$\newcommand{\R}{\mathbb R }$
There are two main ways to picture a function $f:\R^2\to \R$:
By its graph, that is, $$ \{ (x,y,z)\in \R^3 : z = f(x,y)\} $$ This is a two-dimensional surface in a $3$-dimensional space, whose ``height" $z$ over the the $xy$-plane at a point $(x,y)$ is the value $f(x,y)$ of the function at that point. Some examples can be found below.
By its level curves. In general, a level curve (sometimes also called ``level set") of $f:\R^2\to \R$ is a set of the form $$ \{ (x,y)\in \R^2 : f(x,y) = c\} \qquad\mbox{ for some }c\in \R. $$ If we wish, we can plot level curves in the $xy$-plane corresponding to a large number of different valu/es of $c$. Normally these values of $c$ are chosen to be evenly spaced, for example $c = -1, -.5, 0, .5, 1, ..., 5$; then the distance between adjacent curves near a point provides useful information about how the rate of change of the function near that point. (curves close together $=$ function changes rapidly)
An advantage of level curves, compared to graphs, is that one often has to be a good artist to draw an accurate picture of the graph of a function, whereas drawing level curves requires no artistic talent.
above: graph of the function $f(x,y)= \frac 19 x^2 + \frac 14 y^2$
above: level curves of the same function
above: graph of the function $f(x,y) = \frac 19 x^2 - \frac 14 y^2$.
above: level curves of the same function.
We will probably never ask you to draw graphs of functions of two variables, and we will rarely if ever ask you to plot level curves. But you should be able to look at the pictures and understand what the function looks like. One way to practice this skill is to match graphs with level curves in the image below.

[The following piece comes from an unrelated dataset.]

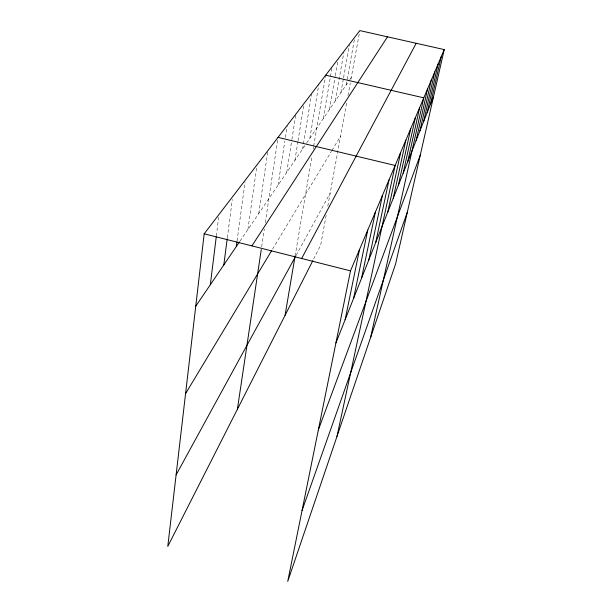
<?xml version="1.0" encoding="UTF-8"?>
<svg xmlns="http://www.w3.org/2000/svg" width="612" height="612" viewBox="0 0 612 612"><rect width="100%" height="100%" fill="white"/><g stroke="black" fill="none" stroke-linecap="round" stroke-linejoin="round"><path stroke-width="0.46" stroke-dasharray="3.06 2.29" d="M216.35 236.002L218.66 217.26M227.335 237.777L232.308 199.413M237.073 240.914L245.045 181.994M247.937 229.439L256.879 165.775M258.769 213.504L267.758 151.562M261.684 246.751L264.33 229.087M265.294 222.592L277.902 138.32M278.085 185.084L284.817 141.219M285.391 137.493L287.105 126.294M286.737 172.355L291.756 140.4M291.901 139.46L295.887 114.077M294.885 160.375L297.876 141.716M298.029 140.783L303.858 104.407M302.573 149.06L311.508 94.432M309.84 138.381L318.722 85.007M295.114 255.931L311.967 156.328M313.214 148.938L313.535 147.064M313.688 146.123L325.691 75.177M323.228 118.682L331.987 67.68M329.409 109.579L335.147 76.645M335.315 75.704L338.099 59.708M335.292 100.934L343.898 52.127M340.884 92.703L343.393 78.65M343.562 77.716L349.414 44.921M346.216 84.861L354.662 38.066M326.127 215.347L320.68 245.167L313.26 259.794M327.81 206.122L346.629 102.969M347.983 95.556L350.301 82.834M350.967 79.2L359.665 31.533M296.124 255.395L330.189 193.078M272.547 249.145L331.467 151.271M331.956 150.453L340.578 136.139M240.011 241.09L306.207 143.721M306.727 142.956L349.268 80.379M349.773 79.629L351.296 77.387"/><path stroke-width="0.92" d="M444.22 49.587L350.485 270.864L287.732 581.4L395.582 263.979L444.22 49.587L359.833 30.6L204.178 233.807L167.78 546.409L312.831 260.628M210.337 284.748L216.235 236.943M223.816 264.912L227.213 238.718M236.316 246.529L236.951 241.855M237.38 409.29L261.27 249.535M285.062 315.341L295.114 255.931M345.137 319.686L359.474 249.642M353.644 298.205L367.751 230.112M361.524 278.315L375.385 212.089M368.845 259.84L382.454 195.396M375.661 242.643L389.025 179.89M336.967 436.486L395.138 165.454L278.039 137.379M387.794 212.004L400.684 152.365M393.225 198.296L405.878 140.094M398.336 185.405L410.759 128.566M403.147 173.242L415.357 117.726M407.699 161.767L419.687 107.498M370.566 337.61L423.779 97.844L325.691 75.177M416.076 140.622L427.643 88.709M419.939 130.861L431.307 80.057M423.611 121.589L434.788 71.856M427.107 112.776L438.085 64.061M430.435 104.377L441.229 56.648M302.053 510.53L407.378 211.974M318.355 429.876L420.283 155.096M335.919 342.95L433.602 96.375M301.647 258.493L416.191 43.276M176.111 474.897L294.8 257.813M185.574 393.638L271.59 250.736M251.907 245.894L387.495 36.827M195.748 306.199L239.483 241.862M204.178 233.807L350.485 270.864"/></g></svg>

For a function $f:\R^3\to \R$, we can still define the graph $$ \{ (x, y, z, w) \in \R^4 : w = f(x,y,z) \} $$ For most humans, however, it is very hard to form a mental picture of this object, which is a (typically curvy) $3$-dimensional thing sitting inside a $4$-dimensional space.
We can also still define the analog of level sets of a function $f:\R^3\to \R$. These are sets of the form $$ \{ (x,y,z)\in \R^3 : f(x,y,z) = c \} $$ for different choices of $c$. (They are also sometimes called ``level surfaces".) These are still possible to visualize, or to plot with a decent graphics program. Here are some examples:
Above: for $f(x,y,z)= \frac 19 x^2 - \frac 14 y^2 + \frac 19 z^2$, the level surfaces corresponding to $c=-2, 0, 2$ (from top to bottom).
Above: One can also assemble a number of level surfaces into a single image. Here are several level surfaces of $f(x,y,z)= \frac 19 x^2 - \frac 14 y^2 + \frac 19 z^2$.
One can picture the level surfaces of a function $f:\R^3\to \R$ as being like the layers of an onion.
For functions $f:\R^n\to \R$, we can always define the graph $$ \{ (x_1,\ldots, x_{n+1}) \in \R^{n+1} : x_{n+1} = f(x_1,\ldots, x_n) \} $$ and the level sets $$ \{ (x_1,\ldots, x_{n}) \in \R^{n} :f(x_1,\ldots, x_n) = c \} $$ but it is very hard for most human beings to draw an accurate picture or to form a good mental image of either of these, when $n\ge 4$.